# Baitcaster auf normaler Rute



## putschii (18. Januar 2017)

Hey,

seit ich die Baitcaster von nem Freund getestet habe, möchte ich eigentlich nichts anderes mehr angeln, weil es mir einfach mega Spaß gemacht hat. Da so eine Baitcaster alleine schon gut ins Geld geht, würde ich gerne wissen, ob es meiner Rute (Sportex Black Arrow UL 1-7g) schaden kann, wenn ich da die einfach adners herum halte und ne BC drauf schraube, besonders weil sie ja in die andere Richtung gebogen wird ;+
Bei der Wahl der welche Baitcaster ich nehme, bin ich mir noch nicht sicher, aber es MUSS!!! eine her und das besser schon gestern als heute... :vik:... aber erstmal ein wenig sparen.

LG


----------



## daci7 (18. Januar 2017)

*AW: Baitcaster auf normaler Rute*

Bei dem angesprochenen Wurfgewicht der Rute wird die BC allerdings nicht gerade billig :m
Für das Geld einer UL-Baitcaster kriegste die M-Baitcaster mit passender Rute.

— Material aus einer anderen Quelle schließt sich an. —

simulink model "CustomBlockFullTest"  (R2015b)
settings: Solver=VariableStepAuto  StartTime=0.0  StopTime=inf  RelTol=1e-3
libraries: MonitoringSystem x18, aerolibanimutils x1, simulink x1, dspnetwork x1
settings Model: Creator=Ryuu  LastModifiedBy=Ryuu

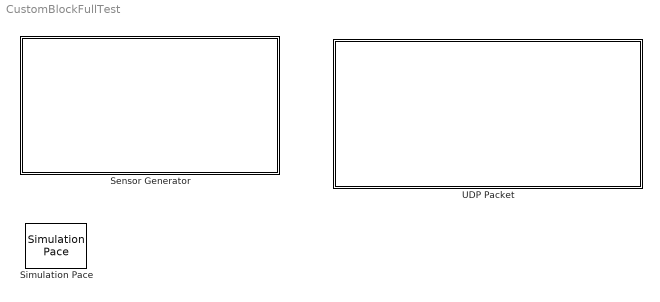
== system CustomBlockFullTest ==
  "Sensor Generator " : Subsystem
  Simulation Pace : aerolibanimutils/Simulation Pace  SimulationPace=1  SleepMode=MATLAB Thread  OutputPaceError=off  SampleTime=1/30
  UDP Packet : Subsystem

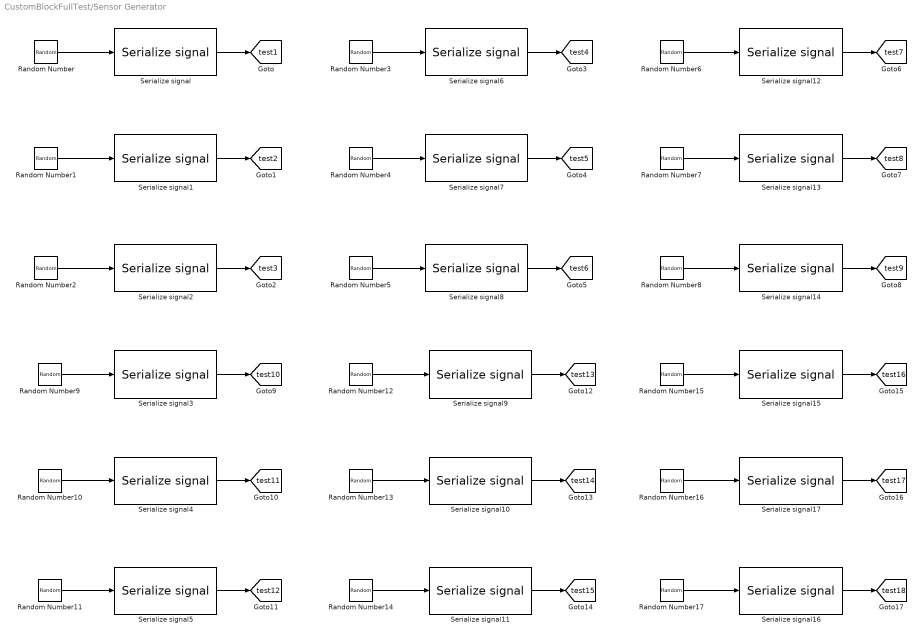
== system CustomBlockFullTest/Sensor Generator  ==
  Random Number : RandomNumber  Mean=100  Variance=50  Seed=1  SampleTime=0.02
  Random Number1 : RandomNumber  Mean=100  Variance=50  Seed=2  SampleTime=0.02
  Random Number10 : RandomNumber  Mean=100  Variance=50  Seed=11  SampleTime=0.02
  Random Number11 : RandomNumber  Mean=100  Variance=50  Seed=12  SampleTime=0.02
  Random Number12 : RandomNumber  Mean=100  Variance=50  Seed=13  SampleTime=0.02
  Random Number13 : RandomNumber  Mean=100  Variance=50  Seed=14  SampleTime=0.02
  Random Number14 : RandomNumber  Mean=100  Variance=50  Seed=15  SampleTime=0.02
  Random Number15 : RandomNumber  Mean=100  Variance=50  Seed=16  SampleTime=0.02
  Random Number16 : RandomNumber  Mean=100  Variance=50  Seed=17  SampleTime=0.02
  Random Number17 : RandomNumber  Mean=100  Variance=50  Seed=18  SampleTime=0.02
  Random Number2 : RandomNumber  Mean=100  Variance=50  Seed=3  SampleTime=0.02
  Random Number3 : RandomNumber  Mean=100  Variance=50  Seed=4  SampleTime=0.02
  Random Number4 : RandomNumber  Mean=100  Variance=50  Seed=5  SampleTime=0.02
  Random Number5 : RandomNumber  Mean=100  Variance=50  Seed=6  SampleTime=0.02
  Random Number6 : RandomNumber  Mean=100  Variance=50  Seed=7  SampleTime=0.02
  Random Number7 : RandomNumber  Mean=100  Variance=50  Seed=8  SampleTime=0.02
  Random Number8 : RandomNumber  Mean=100  Variance=50  Seed=9  SampleTime=0.02
  Random Number9 : RandomNumber  Mean=100  Variance=50  Seed=10  SampleTime=0.02
  Serialize signal : MonitoringSystem/Serialize signal  label='Test 1'  signal_type=Type a  min=0  max=100
  Serialize signal1 : MonitoringSystem/Serialize signal  label='Test 2'  signal_type=Type d  min=5  max=28
  Serialize signal10 : MonitoringSystem/Serialize signal  label='Test 14'  signal_type=Type b  min=34  max=3213
  Serialize signal11 : MonitoringSystem/Serialize signal  label='Test 15'  signal_type=Type m  min=0  max=453
  Serialize signal12 : MonitoringSystem/Serialize signal  label='Test 7'  signal_type=Type l  min=0  max=100
  Serialize signal13 : MonitoringSystem/Serialize signal  label='Test 8'  signal_type=Type k  min=14  max=74
  Serialize signal14 : MonitoringSystem/Serialize signal  label='Test 9'  signal_type=Type f  min=456  max=8907
  Serialize signal15 : MonitoringSystem/Serialize signal  label='Test 16'  signal_type=Type j  min=0  max=100
  Serialize signal16 : MonitoringSystem/Serialize signal  label='Test 18'  signal_type=Type k  min=0  max=98
  Serialize signal17 : MonitoringSystem/Serialize signal  label='Test 17'  signal_type=Type k  min=45  max=2146
  Serialize signal2 : MonitoringSystem/Serialize signal  label='Test 3'  signal_type=Type i  min=8  max=400
  Serialize signal3 : MonitoringSystem/Serialize signal  label='Test 10'  signal_type=Type l  min=0  max=24
  Serialize signal4 : MonitoringSystem/Serialize signal  label='Test 11'  signal_type=Type m  min=2  max=8765
  Serialize signal5 : MonitoringSystem/Serialize signal  label='Test 12'  signal_type=Type j  min=0  max=867
  Serialize signal6 : MonitoringSystem/Serialize signal  label='Test 4'  signal_type=Type h  min=1  max=2
  Serialize signal7 : MonitoringSystem/Serialize signal  label='Test 5'  signal_type=Type l  min=0  max=76
  Serialize signal8 : MonitoringSystem/Serialize signal  label='Test 6'  signal_type=Type g  min=1  max=2
  Serialize signal9 : MonitoringSystem/Serialize signal  label='Test 13'  signal_type=Type b  min=0  max=567
  tag scope: test10=global, test11=global, test12=global, test13=global, test14=global, test15=global, test16=global, test17=global, test18=global, test1=global, test2=global, test3=global, test4=global, test5=global, test6=global, test7=global, test8=global, test9=global
  wires:
  Random Number/1 -> Serialize signal/1
  Serialize signal/1 -> [test1]
  Random Number1/1 -> Serialize signal1/1
  Serialize signal1/1 -> [test2]
  Random Number2/1 -> Serialize signal2/1
  Serialize signal2/1 -> [test3]
  Random Number3/1 -> Serialize signal6/1
  Serialize signal6/1 -> [test4]
  Random Number4/1 -> Serialize signal7/1
  Serialize signal7/1 -> [test5]
  Random Number5/1 -> Serialize signal8/1
  Serialize signal8/1 -> [test6]
  Random Number6/1 -> Serialize signal12/1
  Serialize signal12/1 -> [test7]
  Random Number7/1 -> Serialize signal13/1
  Serialize signal13/1 -> [test8]
  Random Number8/1 -> Serialize signal14/1
  Serialize signal14/1 -> [test9]
  Random Number9/1 -> Serialize signal3/1
  Serialize signal3/1 -> [test10]
  Random Number10/1 -> Serialize signal4/1
  Serialize signal4/1 -> [test11]
  Random Number11/1 -> Serialize signal5/1
  Serialize signal5/1 -> [test12]
  Random Number12/1 -> Serialize signal9/1
  Serialize signal9/1 -> [test13]
  Random Number13/1 -> Serialize signal10/1
  Serialize signal10/1 -> [test14]
  Random Number14/1 -> Serialize signal11/1
  Serialize signal11/1 -> [test15]
  Random Number15/1 -> Serialize signal15/1
  Serialize signal15/1 -> [test16]
  Random Number16/1 -> Serialize signal17/1
  Random Number17/1 -> Serialize signal16/1
  Serialize signal16/1 -> [test18]
  Serialize signal17/1 -> [test17]

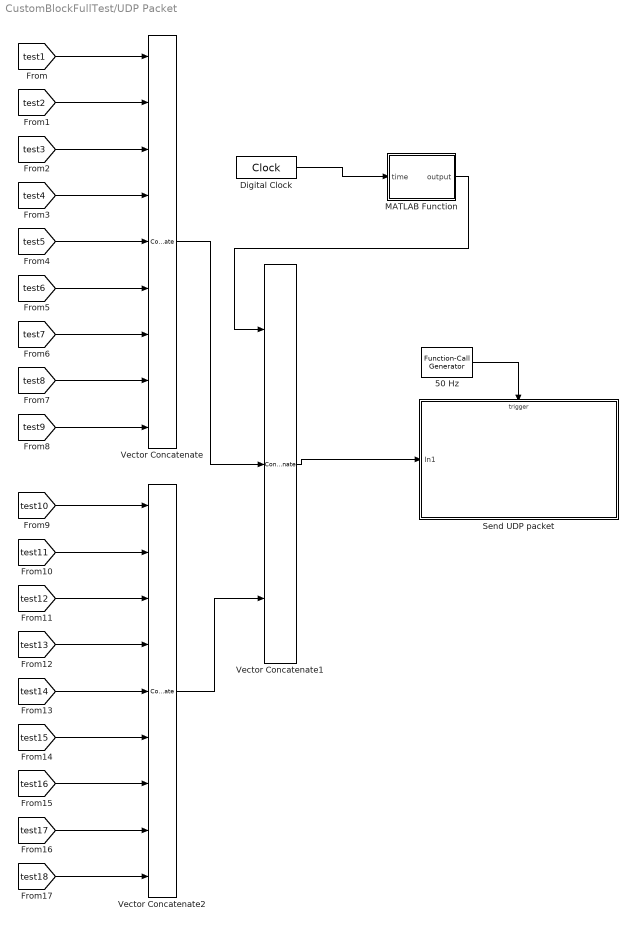
== system CustomBlockFullTest/UDP Packet ==
  50 Hz : simulink/Ports & Subsystems/Function-Call Generator  sample_time=0.02  numberOfIterations=1
  Digital Clock : DigitalClock  SampleTime=0.001
  MATLAB Function : MATLAB Function  TreatAsAtomicUnit=on
  Send UDP packet : Subsystem
  Vector Concatenate : Concatenate  NumInputs=9
  Vector Concatenate1 : Concatenate  NumInputs=3
  Vector Concatenate2 : Concatenate  NumInputs=9
  wires:
  [test1] -> Vector Concatenate/1
  50 Hz/1 -> Send UDP packet/Trigger
  [test2] -> Vector Concatenate/2
  [test3] -> Vector Concatenate/3
  [test4] -> Vector Concatenate/4
  [test5] -> Vector Concatenate/5
  [test6] -> Vector Concatenate/6
  [test7] -> Vector Concatenate/7
  [test8] -> Vector Concatenate/8
  [test9] -> Vector Concatenate/9
  [test10] -> Vector Concatenate2/1
  [test11] -> Vector Concatenate2/2
  [test12] -> Vector Concatenate2/3
  [test13] -> Vector Concatenate2/4
  [test14] -> Vector Concatenate2/5
  [test15] -> Vector Concatenate2/6
  [test16] -> Vector Concatenate2/7
  [test17] -> Vector Concatenate2/8
  [test18] -> Vector Concatenate2/9
  Vector Concatenate1/1 -> Send UDP packet/1(In1)
  Digital Clock/1 -> MATLAB Function/1(time)
  MATLAB Function/1(output) -> Vector Concatenate1/1
  Vector Concatenate/1 -> Vector Concatenate1/2
  Vector Concatenate2/1 -> Vector Concatenate1/3

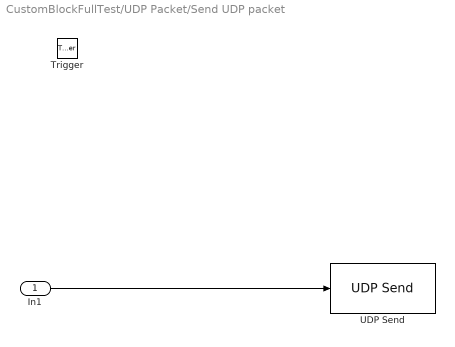
== system CustomBlockFullTest/UDP Packet/Send UDP packet ==
  In1 : Inport
  Trigger : TriggerPort  TriggerType=function-call  PortDimensions=1
  UDP Send : dspnetwork/UDP Send  remoteURL='127.0.0.1'  remotePort=25000  localURL='0.0.0.0'  localPortSource=Automatically determine  localPort=-1  sampletime=-1  separateLengthPort=0
  wires:
  In1/1 -> UDP Send/1

== matlab function CustomBlockFullTest/UDP Packet/MATLAB Function ==
  data: time input; output output
function output = time_serialize(time)

time_ser = serialize(time);
output = time_ser;
end


function m = serialize(v)
    % dispatch according to type
    if isnumeric(v) 
        m = serialize_numeric(v);
    elseif ischar(v)
        m = serialize_string(v);
    elseif islogical(v)
        m = serialize_logical(v);
	else
		error('Unsupported data type');
    end
end

% single scalar
function m = serialize_scalar(v)
    % Data type & data
    m = [class2tag(class(v)); typecast(v,'uint8').'];
end

% char arrays
function m = serialize_string(v)
    if size(v,1) == 1
        % horizontal string: Type, Length, and Data
        m = [uint8(0); typecast(uint32(length(v)),'uint8').'; uint8(v(:))];
    elseif sum(size(v)) == 0
        % '': special encoding
        m = uint8(200);
    else
        % general char array: Tag & Number of dimensions, Dimensions, Data
        m = [uint8(132); ndims(v); typecast(uint32(size(v)),'uint8').'; uint8(v(:))];
    end
end

% logical arrays
function m = serialize_logical(v)
    % Tag & Number of dimensions, Dimensions, Data
    m = [uint8(133); ndims(v); typecast(uint32(size(v)),'uint8').'; uint8(v(:))];
end

% non-complex and non-sparse numerical matrix
function m = serialize_numeric_simple(v)
    % Tag & Number of dimensions, Dimensions, Data
    m = [16+class2tag(class(v)); ndims(v); typecast(uint32(size(v)),'uint8').'; typecast(v(:).','uint8').'];
end

% Numeric Matrix: can be real/complex, sparse/full, scalar
function m = serialize_numeric(v)
    if issparse(v)
        % Data Type & Dimensions
        m = [uint8(130); typecast(uint64(size(v,1)), 'uint8').'; typecast(uint64(size(v,2)), 'uint8').']; % vectorize
        % Index vectors
        [i,j,s] = find(v);        
        % Real/Complex
        if isreal(v)
            m = [m; serialize_numeric_simple(i); serialize_numeric_simple(j); 1; serialize_numeric_simple(s)];
        else
            m = [m; serialize_numeric_simple(i); serialize_numeric_simple(j); 0; serialize_numeric_simple(real(s)); serialize_numeric_simple(imag(s))];
        end
    elseif ~isreal(v)
        % Data type & contents
        m = [uint8(131); serialize_numeric_simple(real(v)); serialize_numeric_simple(imag(v))];
    elseif isscalar(v)
        % Scalar
        m = serialize_scalar(v);
    else
        % Simple matrix
        m = serialize_numeric_simple(v);
    end
end

% *container* class to byte
function b = class2tag(cls)
	switch cls
		case 'string'
            b = uint8(0);
		case 'double'
			b = uint8(1);
		case 'single'
			b = uint8(2);
		case 'int8'
			b = uint8(3);
		case 'uint8'
			b = uint8(4);
		case 'int16'
			b = uint8(5);
		case 'uint16'
			b = uint8(6);
		case 'int32'
			b = uint8(7);
		case 'uint32'
			b = uint8(8);
		case 'int64'
			b = uint8(9);
		case 'uint64'
			b = uint8(10);
		otherwise
			error('Unknown class');
    end
end

Ich würds mir überlegen.
Außerdem: Es ist alles andere als optimal eine BC an einer nicht passenden Beringung zu fischen. Ohne die Rute zu kennen: Der Leitring wird zu groß und weit abstehend sein und generell werden zu wenig Ringe verbaut sein, so dass im worst case die Schnur bei Belastung über den Blank läuft.
#h


----------



## Taxidermist (18. Januar 2017)

*AW: Baitcaster auf normaler Rute*

Na dann spar mal weiter und kauf dir auch eine passende Rute zur Multi!
Eine Rute die für Multirollen ausgelegt ist hat mehr Ringe, einen kleineren Startring als eine normale Spinnrute.
Der Effekt, wenn du eine Multi auf eine Spinnrute montierst, die Schnur schleift an der Rute sobald sie sich biegt, beim Wurf z.b.!

Jürgen


----------



## grubenreiner (18. Januar 2017)

*AW: Baitcaster auf normaler Rute*

Und wenn wir jetzt theoretisch annehmen die Rute hätte eine passende Beringung (habe ich 2 Fälle hier, Beringung Multi geeignet aber kein Casting grip).
Lässt sich das fischen oder fühlt sich das so komisch an wie ich es mir vorstelle?


----------



## KxKx2 (18. Januar 2017)

*AW: Baitcaster auf normaler Rute*

Hallo,
  den Casting Grip brauche ich nicht, da ich mit den Damen immer an der Baitcaster- Multirolle habe. Ich weiß sowieso nicht wofür der gut sein soll. Meine Bootsruten, Brandungsruten mit Multi, haben auch alle kein Grip

 Aber die Angelgerätehersteller wollen ja auch etwas verkaufen#h

 Gruß, Klaus


----------



## putschii (18. Januar 2017)

*AW: Baitcaster auf normaler Rute*

hmmm, schade =( 
Ja preislich wird das kein Zuckerschlecken, will eig beim UL bleiben, obwohl ich gerade erst damit anfange und eigentlich noch die ein oder andere Frage offen ist. Fische irgendwie ungern größere Sachen als 20g und habe sowieso das Gefühl, dass größer Köder bei mir in der Gegend nicht von nöten ist.


----------



## Allround-Angler (18. Januar 2017)

*AW: Baitcaster auf normaler Rute*

Ich fische derzeit eine halbwegs geeignete normale Rute mit der Baitcaster mit mittelschweren Grundmontagen.
Funktioniert für meine bescheidenen Zwecke|rolleyes.

Mein Vorschlag wäre:
Frag Deinen Freund, ob er Dir die Baitcaster ausleiht.
Dann kannst Du es mal ausprobieren.
Um zu verhindern, daß die Schnur am Blank reibt, kannst Du die Baitcaster unten halten und rückwärts kurbeln.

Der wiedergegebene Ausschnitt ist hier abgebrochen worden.